AI Is Confusing — Here’s Your Cheat Sheet
∞ Jul 28, 2024Scratching your head about diffusion models versus frontier models versus foundation models? Don’t know a token from a transformer? Jay Peters assembled a helpful glossary of AI terms for The Verge:
To help you better understand what’s going on, we’ve put together a list of some of the most common AI terms. We’ll do our best to explain what they mean and why they’re important.
Great, accessible resource for literacy in fundamental AI lingo.
Turning the Tables on AI
∞ Jul 28, 2024Oliver Reichenstein shares strategies for using AI to elevate your own writing instead of handing the job entirely to the robots. (This rhymes nicely with the core principle of Sentient Design: amplify judgment and agency instead of replacing it.)
Let’s turn the tables and have ChatGPT prompt us. Tell AI to ask you questions about what you’re writing. Push yourself to express in clear terms what you really want to say. Like this, for example:
I want to write [format] about [topic]. Ask me questions one at a time that force me to explain my idea.
Keep asking until your idea is clear to you.
Reichenstein is CEO and founder of iA, the maker of iA Writer. One of its features helps writers track facts and quotes from external sources. Reichenstein suggests using it to track AI-generated contributions:
What if the ChatGPT generated something useful that I want to keep? Paste it as a note Marked as AI. Use quotes, use markup, and note its origin. … iA Writer greys out text that you marked as AI so you can always discern what is yours and what isn’t.

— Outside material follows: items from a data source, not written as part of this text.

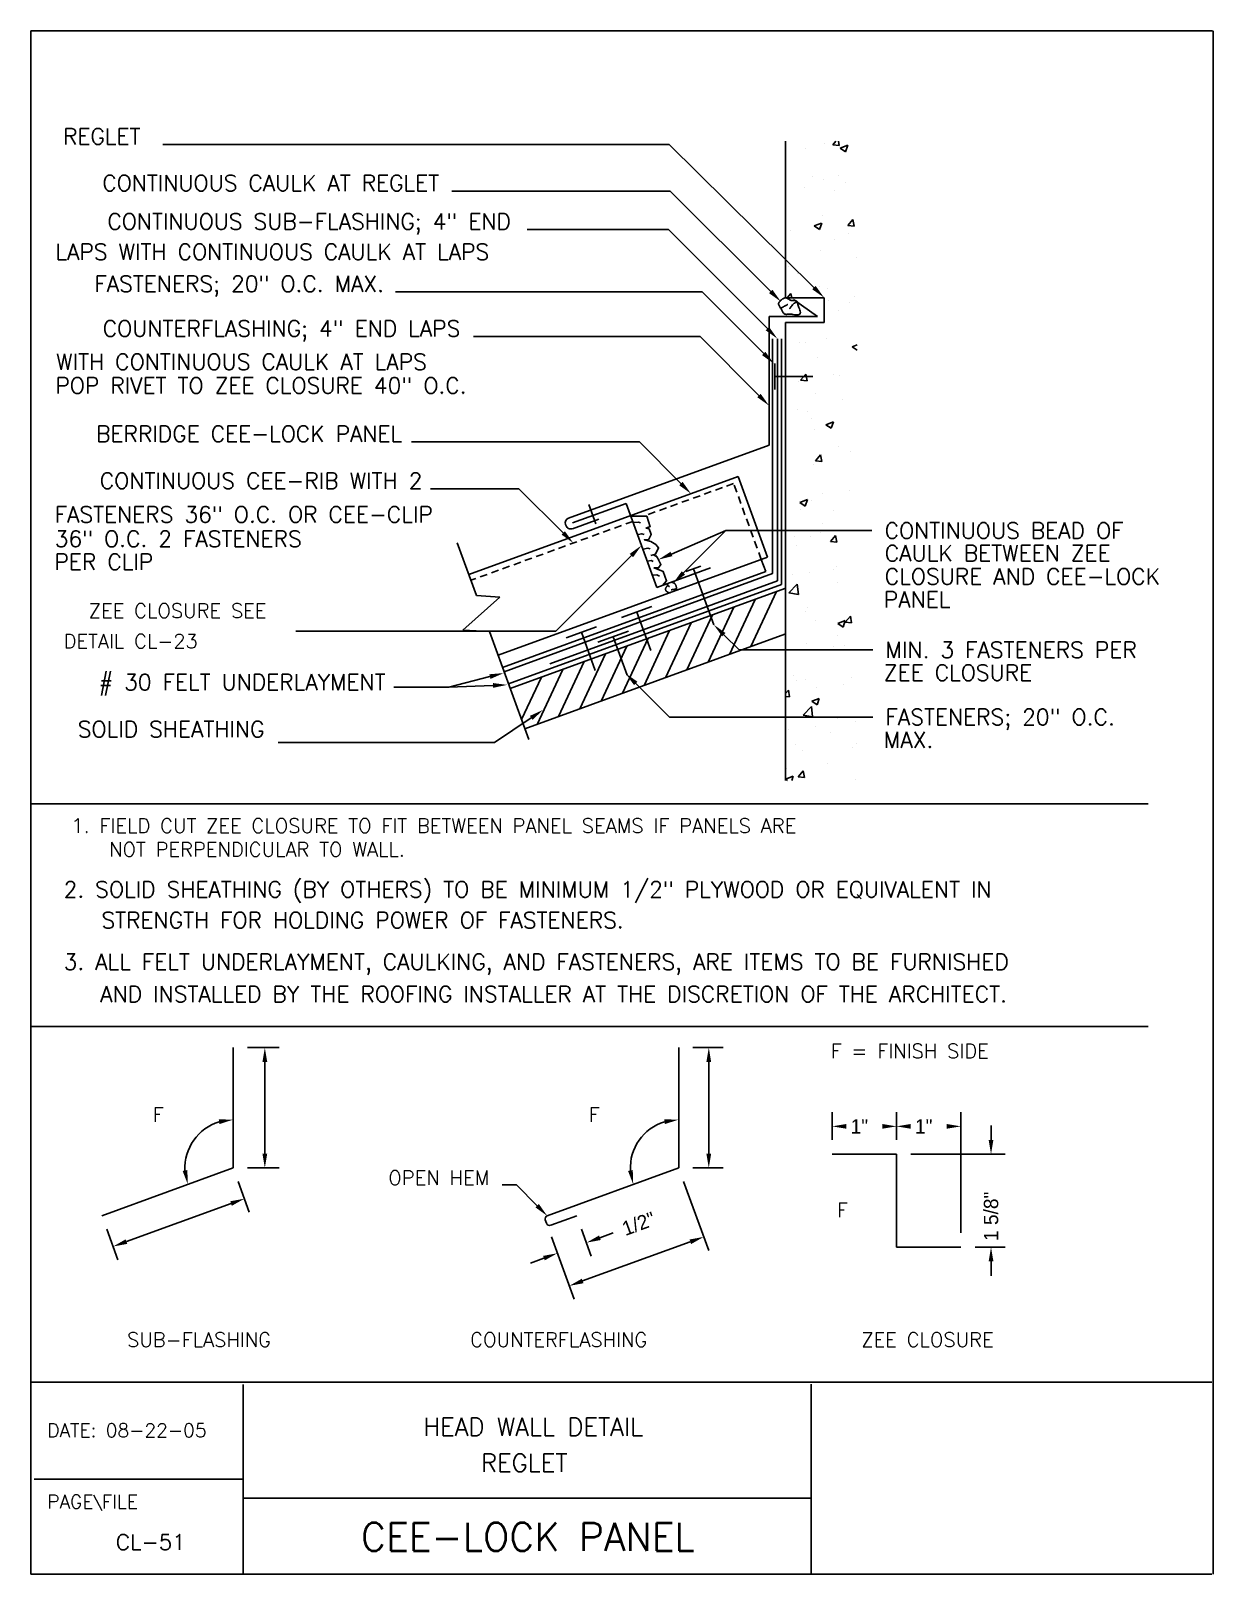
# Model space of a CAD drawing. Extents: x -4.2 to 22.3, y -4.2 to 30.3.
import ezdxf
from ezdxf.enums import TextEntityAlignment as Align

# ---------------------------------------------------------------- set-up
doc = ezdxf.new("R2010")
doc.units = 0
doc.header["$LTSCALE"] = 0.333325
doc.header["$MEASUREMENT"] = 0
doc.linetypes.add('HIDDENX2', pattern=[0.75, 0.5, -0.25])
doc.layers.get('0').update_dxf_attribs({"linetype": 'CONTINUOUS'})
for name, color, linetype in [('1', 7, 'CONTINUOUS'), ('BORDER', 7, 'CONTINUOUS'), ('CMP-FLSH', 7, 'CONTINUOUS'), ('DIM-TXT', 7, 'CONTINUOUS'), ('STRCTR', 7, 'CONTINUOUS')]:
    doc.layers.add(name, color=color, linetype=linetype)
doc.styles.add('AU101S01', font='SIMPLEX.SHX')
doc.styles.add('ROMANS', font='romans', dxfattribs={"height": 0.25})

# ---------------------------------------------------------------- blocks, each defined once
blk = doc.blocks.new('*X1')
at = {"color": 0, "linetype": 'CONTINUOUS'}
for p, q in [((12.067, 25.199), (12.067, 25.199)), ((12.401, 25.289), (12.401, 25.289)), ((12.537, 25.261), (12.537, 25.261)), ((12.54, 25.267), (12.594, 25.331)), ((12.54, 25.267), (12.652, 25.257)), ((12.652, 25.257), (12.639, 25.331)), ((12.669, 25.21), (12.801, 25.26)), ((12.669, 25.21), (12.763, 25.147)), ((12.763, 25.147), (12.801, 25.26)), ((12.181, 24.719), (12.181, 24.719)), ((12.378, 24.665), (12.378, 24.665)), ((12.643, 24.74), (12.643, 24.74)), ((12.753, 24.615), (12.753, 24.615)), ((12.043, 24.521), (12.043, 24.521)), ((12.576, 24.467), (12.576, 24.467)), ((12.355, 24.041), (12.355, 24.041)), ((11.808, 23.766), (11.808, 23.766)), ((12.213, 23.85), (12.344, 23.9)), ((12.213, 23.85), (12.306, 23.787)), ((12.26, 23.875), (12.26, 23.875)), ((12.306, 23.787), (12.345, 23.9)), ((12.8, 23.857), (12.891, 23.965)), ((12.8, 23.857), (12.912, 23.847)), ((12.912, 23.847), (12.891, 23.965)), ((12.566, 23.621), (12.566, 23.621)), ((12.809, 23.723), (12.809, 23.723)), ((12.332, 23.417), (12.332, 23.417)), ((12.951, 23.292), (12.951, 23.292)), ((11.767, 23.136), (11.767, 23.136)), ((11.922, 23.022), (11.922, 23.022)), ((11.743, 22.596), (11.806, 22.672)), ((11.82, 22.596), (11.806, 22.672)), ((12.31, 22.793), (12.31, 22.793)), ((12.443, 22.765), (12.443, 22.765)), ((12.458, 22.552), (12.458, 22.552)), ((12.839, 22.513), (12.839, 22.513)), ((12.927, 22.614), (12.927, 22.614)), ((12.638, 22.365), (12.638, 22.365)), ((12.434, 21.874), (12.434, 21.874)), ((11.965, 21.813), (11.965, 21.813)), ((12.07, 21.812), (12.07, 21.812)), ((12.876, 21.735), (12.963, 21.769)), ((12.876, 21.735), (12.963, 21.677)), ((12.264, 21.544), (12.264, 21.544)), ((11.941, 21.135), (11.941, 21.135)), ((11.976, 21.154), (12.066, 21.262)), ((11.976, 21.154), (12.088, 21.144)), ((12.088, 21.144), (12.066, 21.262)), ((12.56, 21.247), (12.56, 21.247)), ((12.651, 21.228), (12.651, 21.228)), ((12.241, 20.92), (12.241, 20.92)), ((12.706, 20.812), (12.706, 20.812)), ((11.916, 20.647), (11.916, 20.647)), ((12.101, 20.602), (12.101, 20.602)), ((12.158, 20.489), (12.158, 20.489)), ((12.218, 20.296), (12.218, 20.296)), ((12.42, 20.376), (12.551, 20.426)), ((12.42, 20.376), (12.513, 20.313)), ((12.513, 20.313), (12.551, 20.426)), ((12.632, 19.991), (12.632, 19.991)), ((12.236, 19.743), (12.326, 19.851)), ((12.236, 19.743), (12.348, 19.734)), ((12.348, 19.734), (12.326, 19.851)), ((12.333, 19.859), (12.333, 19.859)), ((12.849, 19.905), (12.849, 19.905)), ((12.196, 19.672), (12.196, 19.672)), ((12.355, 19.166), (12.355, 19.166)), ((12.825, 19.228), (12.825, 19.228)), ((11.964, 19.016), (12.095, 19.066)), ((11.964, 19.016), (12.057, 18.953)), ((11.968, 18.901), (11.968, 18.901)), ((12.057, 18.953), (12.095, 19.066)), ((12.173, 19.047), (12.173, 19.047)), ((12.363, 18.649), (12.363, 18.649)), ((12.555, 18.872), (12.555, 18.872)), ((11.862, 18.426), (11.862, 18.426)), ((12.15, 18.423), (12.15, 18.423)), ((12.331, 18.488), (12.331, 18.488)), ((12.496, 18.333), (12.587, 18.441)), ((12.608, 18.323), (12.587, 18.441)), ((11.911, 18.273), (11.911, 18.273)), ((12.496, 18.333), (12.608, 18.323)), ((12.548, 17.842), (12.548, 17.842)), ((12.596, 17.905), (12.596, 17.905)), ((11.77, 17.434), (11.916, 17.586)), ((11.838, 17.749), (11.838, 17.749)), ((11.937, 17.408), (11.916, 17.586)), ((12.127, 17.799), (12.127, 17.799)), ((12.627, 17.617), (12.627, 17.617)), ((11.77, 17.434), (11.937, 17.408)), ((12.055, 17.102), (12.055, 17.102)), ((12.104, 17.175), (12.104, 17.175)), ((12.756, 16.923), (12.847, 17.03)), ((12.868, 16.913), (12.847, 17.03)), ((12.231, 16.947), (12.231, 16.947)), ((12.627, 16.902), (12.758, 16.952)), ((12.627, 16.902), (12.72, 16.839)), ((12.72, 16.839), (12.758, 16.952)), ((12.756, 16.923), (12.868, 16.913)), ((12.082, 16.551), (12.082, 16.551)), ((12.549, 16.498), (12.549, 16.498)), ((12.626, 16.695), (12.626, 16.695)), ((12.746, 16.519), (12.746, 16.519)), ((11.858, 15.994), (11.858, 15.994)), ((12.059, 15.927), (12.059, 15.927)), ((12.859, 15.952), (12.859, 15.952)), ((11.713, 15.68), (11.762, 15.738)), ((11.784, 15.62), (11.762, 15.738)), ((11.905, 15.899), (11.905, 15.899)), ((12.253, 15.779), (12.253, 15.779)), ((12.722, 15.841), (12.722, 15.841)), ((11.713, 15.626), (11.784, 15.62)), ((12.019, 15.297), (12.165, 15.449)), ((12.186, 15.271), (12.165, 15.449)), ((12.171, 15.542), (12.302, 15.592)), ((12.171, 15.542), (12.264, 15.479)), ((12.264, 15.479), (12.302, 15.592)), ((12.019, 15.297), (12.186, 15.271)), ((12.036, 15.302), (12.036, 15.302)), ((12.621, 15.243), (12.621, 15.243)), ((12.939, 15.195), (12.939, 15.195)), ((11.759, 15.04), (11.759, 15.04)), ((12.229, 15.102), (12.229, 15.102)), ((12.494, 14.994), (12.494, 14.994)), ((11.888, 14.784), (11.888, 14.784)), ((12.013, 14.678), (12.013, 14.678)), ((12.889, 14.742), (12.889, 14.742)), ((12.96, 14.798), (12.96, 14.798)), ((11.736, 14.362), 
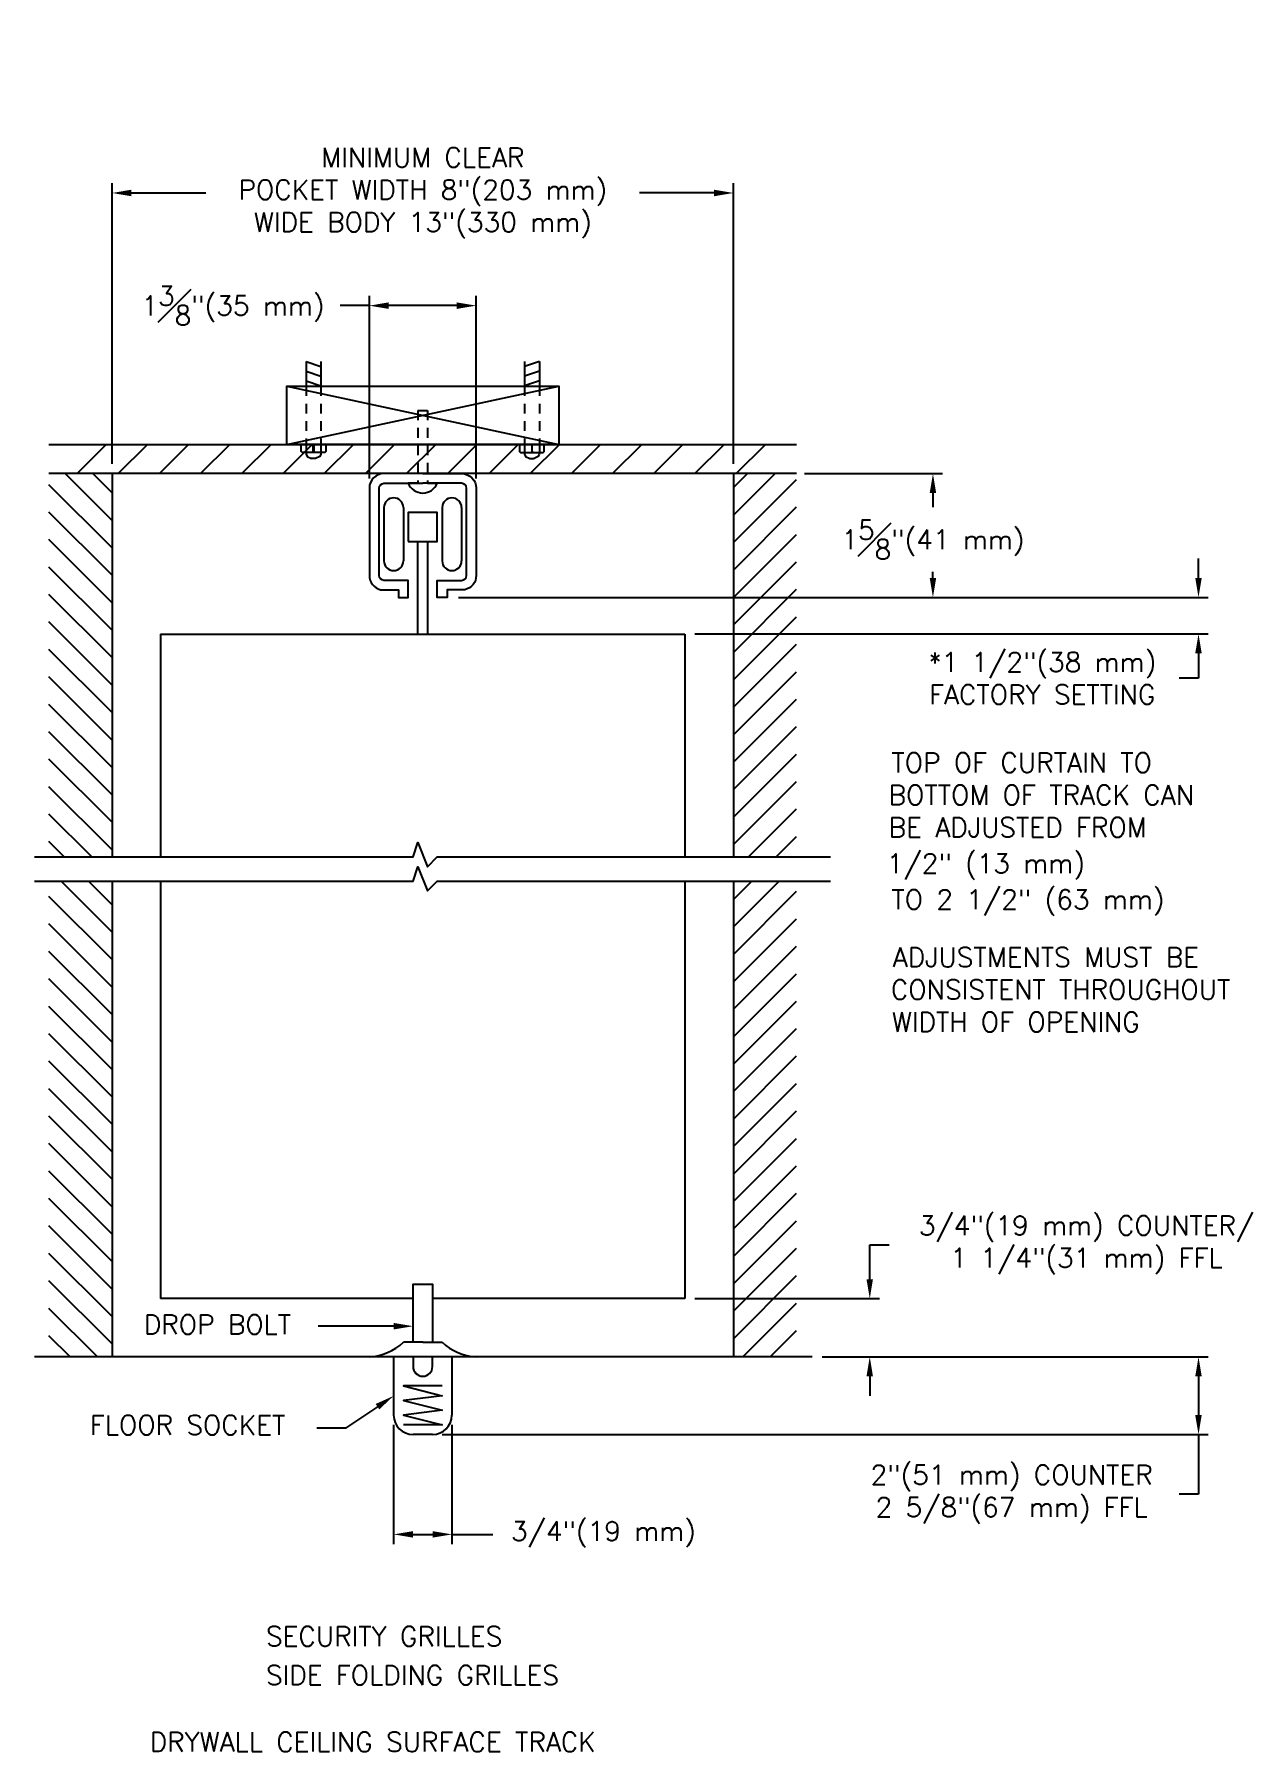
# Model space of a CAD drawing. Extents: x 3.1 to 18.8, y -2.6 to 19.5.
import ezdxf

# ---------------------------------------------------------------- set-up
doc = ezdxf.new("R2010")
doc.units = 0
doc.header["$MEASUREMENT"] = 0
doc.linetypes.add('HIDDEN2', pattern=[0.1875, 0.125, -0.0625])
doc.layers.get('0').update_dxf_attribs({"linetype": 'CONTINUOUS'})
doc.layers.get('DEFPOINTS').update_dxf_attribs({"linetype": 'CONTINUOUS'})
for name, color, linetype in [('R-ANNO-DIMS', 3, 'CONTINUOUS'), ('R-ANNO-TEXT', 6, 'CONTINUOUS'), ('R-SWTS-DET1', 1, 'CONTINUOUS'), ('R-SWTS-DET2', 4, 'CONTINUOUS'), ('R-SWTS-DET3', 5, 'CONTINUOUS'), ('R-SWTS-PAT1', 5, 'CONTINUOUS')]:
    doc.layers.add(name, color=color, linetype=linetype)
doc.styles.add('SWTSTEXT', font='romans.shx')
doc.dimstyles.new('SWTSARCH', dxfattribs={"dimscale": 2, "dimtxt": 0.125, "dimasz": 0.125, "dimexe": 0.0625, "dimexo": 0.0625, "dimgap": 0.0625, "dimtad": 0, "dimtih": 1, "dimtoh": 1, "dimdec": 4, "dimzin": 3, "dimdsep": 46, "dimlunit": 4, "dimtxsty": 'SWTSTEXT', "dimcen": 0.1875, "dimdle": 0.179688, "dimclrd": 256, "dimclre": 256, "dimclrt": 256, "dimaunit": 1, "dimadec": 0, "dimazin": 0, "dimtfac": 1, "dimtdec": 4, "dimtofl": 0, "dimtmove": 0, "dimatfit": 3, "dimfxl": 0, "dimfrac": 1, "dimtolj": 1, "dimtzin": 3, "dimarcsym": 0})

# ---------------------------------------------------------------- blocks, each defined once
blk = doc.blocks.new('*D16')
at = {"layer": 'DEFPOINTS', "color": 0, "linetype": 'Continuous'}
for p in [(8.806, 15.993), (7.431, 13.643, 0), (8.806, 13.643, 0)]:
    blk.add_point(p, dxfattribs=at)
at = {"layer": 'R-ANNO-DIMS', "linetype": 'Continuous', "lineweight": -2}
for p, q in [((7.431, 15.993), (7.056, 15.993)), ((7.431, 13.768), (7.431, 16.118)), ((8.556, 15.993), (7.681, 15.993)), ((8.806, 13.768), (8.806, 16.118))]:
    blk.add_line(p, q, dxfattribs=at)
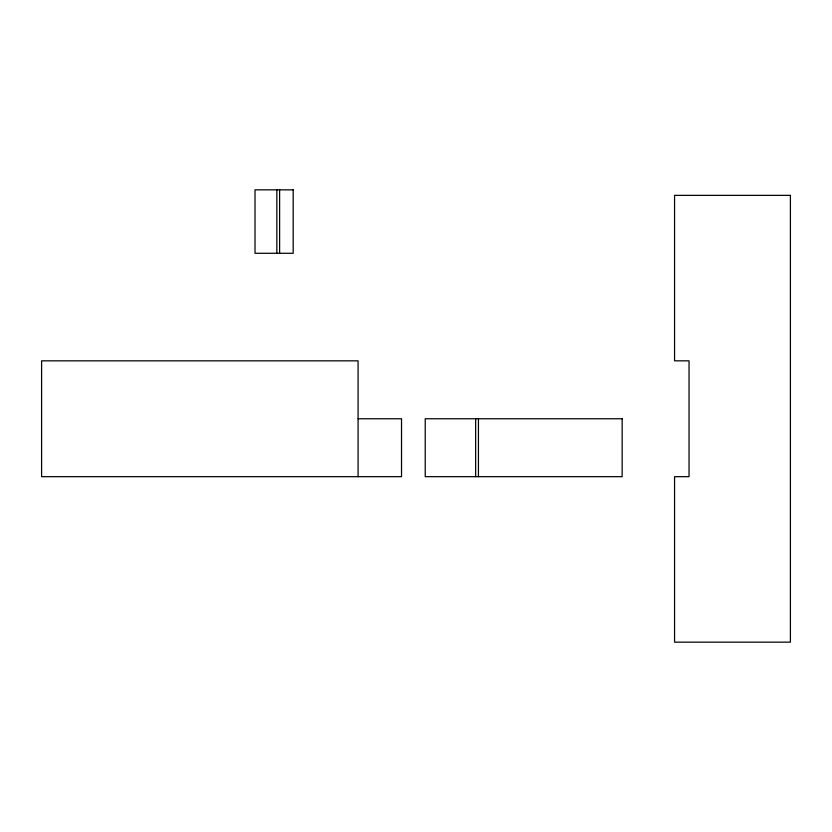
<?xml version="1.0" encoding="UTF-8"?>
<svg xmlns="http://www.w3.org/2000/svg" width="832" height="832" viewBox="0 0 832 832"><rect width="100%" height="100%" fill="white"/><g stroke="black" fill="none" stroke-linecap="round" stroke-linejoin="round"><path stroke-width="1.25" d="M358.082 418.756L401.523 418.756L401.523 476.674L41.6 476.674L41.6 360.838L358.082 360.838L358.082 476.674M478.442 418.756L478.442 476.674M475.654 418.756L475.654 476.674M279.614 189.842L279.614 253.282M276.838 189.842L276.838 253.282M293.186 189.842L255.018 189.842L255.018 253.282L293.186 253.282L293.186 189.842M790.4 195.364L674.565 195.364L674.565 360.838L689.042 360.838L689.042 476.674L674.565 476.674L674.565 642.158L790.4 642.158L790.4 195.364M622.159 418.756L425.235 418.756L425.235 476.674L622.159 476.674L622.159 418.756"/></g></svg>

It’s a good reminder that you can design personal workflows to use technology in ways that serve you best. What do you want AI to do for you? And as a product designer, how might you build this philosophy into your AI-mediated features?
Doctors Use A.I. Chatbots to Help Fight Insurance Denials
∞ Jul 28, 2024In The New York Times, Teddy Rosenbluth reports on doctors using AI tools to automate their fight with insurance companies’ (automated) efforts to refuse or delay payment:
Doctors and their staff spend an average of 12 hours a week submitting prior-authorization requests, a process widely considered burdensome and detrimental to patient health among physicians surveyed by the American Medical Association.
With the help of ChatGPT, Dr. Tward now types in a couple of sentences, describing the purpose of the letter and the types of scientific studies he wants referenced, and a draft is produced in seconds.
Then, he can tell the chatbot to make it four times longer. “If you’re going to put all kinds of barriers up for my patients, then when I fire back, I’m going to make it very time consuming,” he said.
I admire the dash of spite in this effort! But is this an example of tech leveling the playing field, or part of an AI-weaponized red-tape arms race that no one can win?